Items from a data source
- - - -

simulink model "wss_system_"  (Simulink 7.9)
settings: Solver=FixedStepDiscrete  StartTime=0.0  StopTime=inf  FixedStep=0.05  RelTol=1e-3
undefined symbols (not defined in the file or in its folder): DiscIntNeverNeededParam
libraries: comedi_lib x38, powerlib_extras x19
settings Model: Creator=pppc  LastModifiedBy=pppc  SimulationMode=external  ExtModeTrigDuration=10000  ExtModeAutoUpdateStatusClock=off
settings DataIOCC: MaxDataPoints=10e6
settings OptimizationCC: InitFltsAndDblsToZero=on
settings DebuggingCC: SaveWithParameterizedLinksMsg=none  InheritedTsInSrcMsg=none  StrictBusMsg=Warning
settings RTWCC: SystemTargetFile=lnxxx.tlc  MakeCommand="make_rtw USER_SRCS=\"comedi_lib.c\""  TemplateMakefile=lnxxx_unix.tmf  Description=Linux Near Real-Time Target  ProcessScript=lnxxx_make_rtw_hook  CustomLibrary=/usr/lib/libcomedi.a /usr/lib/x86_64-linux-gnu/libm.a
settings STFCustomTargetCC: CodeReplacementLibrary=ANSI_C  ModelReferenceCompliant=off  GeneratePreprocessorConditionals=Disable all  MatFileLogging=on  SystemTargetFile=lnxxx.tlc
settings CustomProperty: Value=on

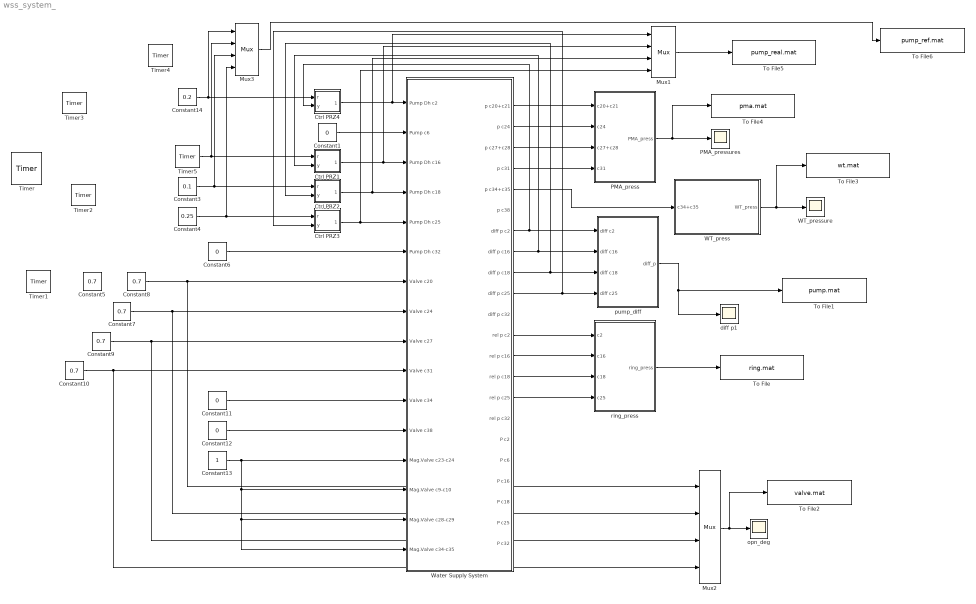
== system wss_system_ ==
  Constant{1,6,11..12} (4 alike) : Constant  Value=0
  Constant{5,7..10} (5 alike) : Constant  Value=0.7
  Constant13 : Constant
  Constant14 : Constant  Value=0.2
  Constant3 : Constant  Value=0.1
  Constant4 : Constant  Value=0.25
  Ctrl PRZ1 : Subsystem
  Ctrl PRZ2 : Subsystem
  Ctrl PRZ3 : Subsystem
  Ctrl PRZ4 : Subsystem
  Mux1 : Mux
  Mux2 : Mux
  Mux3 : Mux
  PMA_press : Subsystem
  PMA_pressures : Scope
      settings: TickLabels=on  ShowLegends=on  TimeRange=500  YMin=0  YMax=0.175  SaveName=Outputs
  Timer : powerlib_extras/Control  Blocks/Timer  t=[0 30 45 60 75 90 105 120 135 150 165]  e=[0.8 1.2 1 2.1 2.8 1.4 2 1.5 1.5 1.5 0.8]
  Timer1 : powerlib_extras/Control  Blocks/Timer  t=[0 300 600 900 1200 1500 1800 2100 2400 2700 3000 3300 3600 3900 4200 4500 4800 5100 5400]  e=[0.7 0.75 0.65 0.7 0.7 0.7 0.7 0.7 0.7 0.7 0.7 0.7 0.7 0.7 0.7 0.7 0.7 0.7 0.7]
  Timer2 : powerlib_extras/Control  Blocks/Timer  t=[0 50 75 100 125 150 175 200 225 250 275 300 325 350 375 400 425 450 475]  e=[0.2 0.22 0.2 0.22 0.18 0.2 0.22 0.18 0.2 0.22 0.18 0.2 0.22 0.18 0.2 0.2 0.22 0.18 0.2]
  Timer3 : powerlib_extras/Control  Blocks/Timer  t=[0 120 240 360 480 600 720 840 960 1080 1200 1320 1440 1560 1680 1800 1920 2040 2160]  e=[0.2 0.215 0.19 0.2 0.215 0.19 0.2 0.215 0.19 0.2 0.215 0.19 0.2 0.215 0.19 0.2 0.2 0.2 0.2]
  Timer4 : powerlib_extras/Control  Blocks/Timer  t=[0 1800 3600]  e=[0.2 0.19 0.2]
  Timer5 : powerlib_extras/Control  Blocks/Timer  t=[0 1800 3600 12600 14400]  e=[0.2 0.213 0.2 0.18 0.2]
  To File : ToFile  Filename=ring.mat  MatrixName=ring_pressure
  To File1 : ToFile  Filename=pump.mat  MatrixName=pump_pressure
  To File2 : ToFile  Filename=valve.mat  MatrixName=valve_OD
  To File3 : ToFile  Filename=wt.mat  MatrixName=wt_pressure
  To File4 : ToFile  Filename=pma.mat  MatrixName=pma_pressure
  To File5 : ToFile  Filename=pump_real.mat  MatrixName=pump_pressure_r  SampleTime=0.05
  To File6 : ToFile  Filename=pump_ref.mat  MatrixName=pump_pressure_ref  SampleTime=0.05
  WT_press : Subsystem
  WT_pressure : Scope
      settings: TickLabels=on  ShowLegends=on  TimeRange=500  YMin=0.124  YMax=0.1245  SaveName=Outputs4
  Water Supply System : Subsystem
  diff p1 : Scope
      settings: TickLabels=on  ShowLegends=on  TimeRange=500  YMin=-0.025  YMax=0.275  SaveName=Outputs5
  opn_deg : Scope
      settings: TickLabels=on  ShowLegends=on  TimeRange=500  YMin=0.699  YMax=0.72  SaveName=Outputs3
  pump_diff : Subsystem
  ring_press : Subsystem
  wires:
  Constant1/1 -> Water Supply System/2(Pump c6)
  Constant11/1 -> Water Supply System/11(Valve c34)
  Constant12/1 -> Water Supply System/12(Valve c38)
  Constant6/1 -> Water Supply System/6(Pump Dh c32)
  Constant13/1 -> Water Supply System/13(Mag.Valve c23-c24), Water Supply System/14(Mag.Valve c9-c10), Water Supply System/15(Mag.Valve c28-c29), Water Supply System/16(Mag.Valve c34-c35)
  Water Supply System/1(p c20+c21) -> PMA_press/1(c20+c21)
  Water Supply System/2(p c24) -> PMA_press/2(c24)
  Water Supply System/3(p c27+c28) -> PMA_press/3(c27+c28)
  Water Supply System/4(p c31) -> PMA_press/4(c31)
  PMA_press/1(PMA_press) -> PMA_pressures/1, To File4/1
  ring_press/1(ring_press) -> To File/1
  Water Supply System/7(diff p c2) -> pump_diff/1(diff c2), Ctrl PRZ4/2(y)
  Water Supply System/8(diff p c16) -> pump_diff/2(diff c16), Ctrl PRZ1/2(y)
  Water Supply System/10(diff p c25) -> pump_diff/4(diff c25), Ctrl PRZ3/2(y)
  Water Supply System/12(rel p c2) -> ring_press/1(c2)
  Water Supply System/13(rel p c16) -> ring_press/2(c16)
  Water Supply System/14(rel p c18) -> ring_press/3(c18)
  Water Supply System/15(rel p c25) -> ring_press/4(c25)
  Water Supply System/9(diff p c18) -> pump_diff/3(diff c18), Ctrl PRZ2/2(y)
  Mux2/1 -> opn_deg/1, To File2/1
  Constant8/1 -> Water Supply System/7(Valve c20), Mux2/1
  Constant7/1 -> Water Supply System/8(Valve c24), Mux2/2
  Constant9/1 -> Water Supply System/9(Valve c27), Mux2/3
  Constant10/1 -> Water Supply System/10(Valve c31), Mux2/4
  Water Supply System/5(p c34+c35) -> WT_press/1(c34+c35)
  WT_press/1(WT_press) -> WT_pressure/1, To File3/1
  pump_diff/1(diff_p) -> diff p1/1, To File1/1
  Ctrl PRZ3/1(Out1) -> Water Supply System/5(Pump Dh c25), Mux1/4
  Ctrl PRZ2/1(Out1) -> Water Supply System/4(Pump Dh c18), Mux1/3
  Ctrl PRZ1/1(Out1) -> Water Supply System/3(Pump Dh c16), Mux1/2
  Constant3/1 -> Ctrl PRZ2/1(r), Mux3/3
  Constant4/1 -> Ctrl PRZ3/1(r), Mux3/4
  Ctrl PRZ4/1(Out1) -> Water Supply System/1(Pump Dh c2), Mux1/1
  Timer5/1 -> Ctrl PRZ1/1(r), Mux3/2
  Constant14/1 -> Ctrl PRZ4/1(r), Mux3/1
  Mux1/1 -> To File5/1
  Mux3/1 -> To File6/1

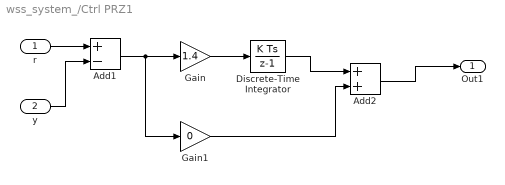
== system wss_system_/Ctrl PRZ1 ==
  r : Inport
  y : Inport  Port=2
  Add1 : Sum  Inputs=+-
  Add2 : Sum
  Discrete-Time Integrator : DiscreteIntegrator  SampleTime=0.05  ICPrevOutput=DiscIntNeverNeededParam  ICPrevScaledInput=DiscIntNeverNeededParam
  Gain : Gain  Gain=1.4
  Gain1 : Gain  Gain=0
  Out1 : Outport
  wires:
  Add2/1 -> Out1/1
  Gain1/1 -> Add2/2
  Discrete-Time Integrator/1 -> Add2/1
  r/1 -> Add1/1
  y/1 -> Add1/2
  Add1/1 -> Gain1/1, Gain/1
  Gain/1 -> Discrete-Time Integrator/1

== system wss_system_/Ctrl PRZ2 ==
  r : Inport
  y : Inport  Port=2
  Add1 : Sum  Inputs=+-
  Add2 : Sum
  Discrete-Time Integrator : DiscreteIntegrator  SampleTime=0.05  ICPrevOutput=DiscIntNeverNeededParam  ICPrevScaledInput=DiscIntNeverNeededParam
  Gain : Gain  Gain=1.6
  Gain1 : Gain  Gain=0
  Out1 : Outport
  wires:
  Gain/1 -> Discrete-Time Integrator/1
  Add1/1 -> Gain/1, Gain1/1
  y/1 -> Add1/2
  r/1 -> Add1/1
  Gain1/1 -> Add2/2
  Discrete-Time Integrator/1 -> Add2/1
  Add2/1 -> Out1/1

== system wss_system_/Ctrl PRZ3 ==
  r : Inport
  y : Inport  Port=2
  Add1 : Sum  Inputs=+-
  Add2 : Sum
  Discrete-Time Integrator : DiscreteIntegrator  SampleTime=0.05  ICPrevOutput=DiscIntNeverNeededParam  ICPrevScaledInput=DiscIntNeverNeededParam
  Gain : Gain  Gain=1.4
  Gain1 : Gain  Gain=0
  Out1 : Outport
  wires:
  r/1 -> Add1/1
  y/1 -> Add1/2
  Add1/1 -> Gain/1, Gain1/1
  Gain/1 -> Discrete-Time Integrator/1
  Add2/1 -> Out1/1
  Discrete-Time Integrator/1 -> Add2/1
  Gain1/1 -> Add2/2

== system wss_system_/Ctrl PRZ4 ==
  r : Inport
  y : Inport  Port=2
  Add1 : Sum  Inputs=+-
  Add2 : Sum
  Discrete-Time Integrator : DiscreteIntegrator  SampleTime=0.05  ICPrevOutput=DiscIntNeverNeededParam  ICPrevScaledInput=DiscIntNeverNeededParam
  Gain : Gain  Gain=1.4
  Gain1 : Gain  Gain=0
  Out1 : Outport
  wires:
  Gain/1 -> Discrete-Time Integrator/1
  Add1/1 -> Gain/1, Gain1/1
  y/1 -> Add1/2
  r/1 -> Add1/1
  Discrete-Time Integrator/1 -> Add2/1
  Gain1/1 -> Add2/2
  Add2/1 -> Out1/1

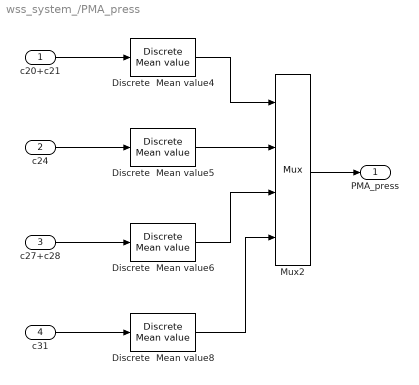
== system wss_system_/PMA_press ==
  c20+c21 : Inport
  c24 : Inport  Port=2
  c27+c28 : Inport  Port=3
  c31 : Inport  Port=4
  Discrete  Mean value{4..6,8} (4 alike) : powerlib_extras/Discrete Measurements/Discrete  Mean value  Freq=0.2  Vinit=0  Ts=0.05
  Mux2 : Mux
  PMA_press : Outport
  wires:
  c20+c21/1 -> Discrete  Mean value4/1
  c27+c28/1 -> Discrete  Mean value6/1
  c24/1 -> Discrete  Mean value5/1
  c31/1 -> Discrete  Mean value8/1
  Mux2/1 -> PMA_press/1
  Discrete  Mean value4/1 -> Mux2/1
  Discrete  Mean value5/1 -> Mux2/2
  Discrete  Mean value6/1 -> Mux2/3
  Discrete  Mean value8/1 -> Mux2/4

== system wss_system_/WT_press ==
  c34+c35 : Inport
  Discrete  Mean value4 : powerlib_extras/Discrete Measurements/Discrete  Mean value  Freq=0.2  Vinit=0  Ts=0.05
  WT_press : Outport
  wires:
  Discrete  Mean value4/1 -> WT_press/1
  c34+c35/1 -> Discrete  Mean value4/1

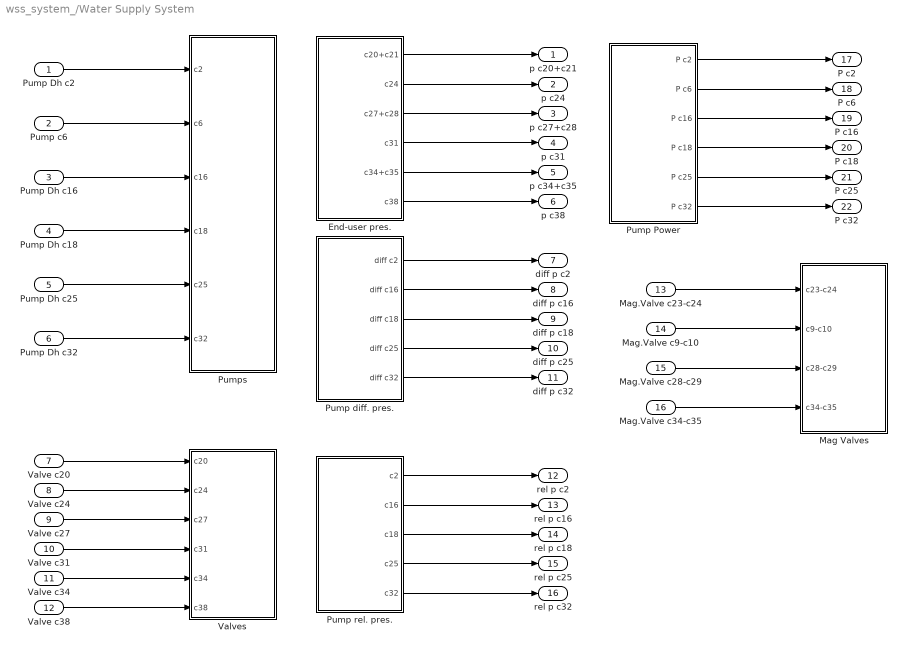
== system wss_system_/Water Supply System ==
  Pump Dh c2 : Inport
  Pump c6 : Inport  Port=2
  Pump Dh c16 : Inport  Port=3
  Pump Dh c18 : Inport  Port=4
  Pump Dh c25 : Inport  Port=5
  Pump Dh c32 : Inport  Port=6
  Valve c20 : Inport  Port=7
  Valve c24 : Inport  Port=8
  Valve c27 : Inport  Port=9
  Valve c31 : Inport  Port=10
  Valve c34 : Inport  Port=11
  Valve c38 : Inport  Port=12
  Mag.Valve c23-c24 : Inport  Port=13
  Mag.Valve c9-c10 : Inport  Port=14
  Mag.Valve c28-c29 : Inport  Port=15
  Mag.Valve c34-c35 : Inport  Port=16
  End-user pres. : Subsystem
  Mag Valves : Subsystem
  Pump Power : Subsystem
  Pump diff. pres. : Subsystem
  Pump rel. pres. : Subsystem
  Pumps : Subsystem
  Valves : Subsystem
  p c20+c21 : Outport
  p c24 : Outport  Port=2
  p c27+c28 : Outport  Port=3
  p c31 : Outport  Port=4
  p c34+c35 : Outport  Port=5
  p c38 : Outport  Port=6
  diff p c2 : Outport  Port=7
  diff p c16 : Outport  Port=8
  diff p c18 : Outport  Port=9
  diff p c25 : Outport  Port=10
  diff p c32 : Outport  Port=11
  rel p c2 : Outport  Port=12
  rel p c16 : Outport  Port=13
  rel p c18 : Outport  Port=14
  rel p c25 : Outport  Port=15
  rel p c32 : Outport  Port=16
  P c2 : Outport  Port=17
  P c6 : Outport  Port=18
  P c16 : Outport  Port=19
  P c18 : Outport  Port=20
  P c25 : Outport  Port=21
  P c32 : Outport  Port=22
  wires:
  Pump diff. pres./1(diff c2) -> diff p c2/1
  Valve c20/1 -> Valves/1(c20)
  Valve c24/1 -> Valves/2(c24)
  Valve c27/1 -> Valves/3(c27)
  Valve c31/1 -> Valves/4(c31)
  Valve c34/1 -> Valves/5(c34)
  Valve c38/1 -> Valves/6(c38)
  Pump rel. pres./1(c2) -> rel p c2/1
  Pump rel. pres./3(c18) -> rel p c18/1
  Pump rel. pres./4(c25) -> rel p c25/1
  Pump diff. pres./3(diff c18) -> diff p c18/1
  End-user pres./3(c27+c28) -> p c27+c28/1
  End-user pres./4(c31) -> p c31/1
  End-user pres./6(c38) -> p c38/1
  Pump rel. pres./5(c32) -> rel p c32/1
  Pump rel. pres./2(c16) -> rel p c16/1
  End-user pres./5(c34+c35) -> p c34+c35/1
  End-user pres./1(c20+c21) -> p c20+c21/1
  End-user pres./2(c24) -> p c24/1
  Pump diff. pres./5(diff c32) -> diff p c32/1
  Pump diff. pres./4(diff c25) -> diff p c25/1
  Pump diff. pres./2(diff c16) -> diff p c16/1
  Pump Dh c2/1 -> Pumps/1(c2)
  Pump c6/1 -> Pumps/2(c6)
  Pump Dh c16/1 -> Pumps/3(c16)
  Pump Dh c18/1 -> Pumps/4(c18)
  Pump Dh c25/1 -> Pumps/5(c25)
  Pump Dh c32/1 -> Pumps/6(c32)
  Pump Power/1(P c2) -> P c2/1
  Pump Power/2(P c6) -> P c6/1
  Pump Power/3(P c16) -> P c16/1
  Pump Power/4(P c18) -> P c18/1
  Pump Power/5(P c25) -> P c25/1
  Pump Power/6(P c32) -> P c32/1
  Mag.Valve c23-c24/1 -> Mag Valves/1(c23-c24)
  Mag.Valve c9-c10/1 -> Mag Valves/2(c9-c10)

- - - -

→ **PROMPT**: Wherever a line in the entries above holds "SystemTargetFile", copy that line.

→ **ANSWER SECTION**:
settings RTWCC: SystemTargetFile=lnxxx.tlc  MakeCommand="make_rtw USER_SRCS=\"comedi_lib.c\""  TemplateMakefile=lnxxx_unix.tmf  Description=Linux Near Real-Time Target  ProcessScript=lnxxx_make_rtw_hook  CustomLibrary=/usr/lib/libcomedi.a /usr/lib/x86_64-linux-gnu/libm.a
settings STFCustomTargetCC: CodeReplacementLibrary=ANSI_C  ModelReferenceCompliant=off  GeneratePreprocessorConditionals=Disable all  MatFileLogging=on  SystemTargetFile=lnxxx.tlc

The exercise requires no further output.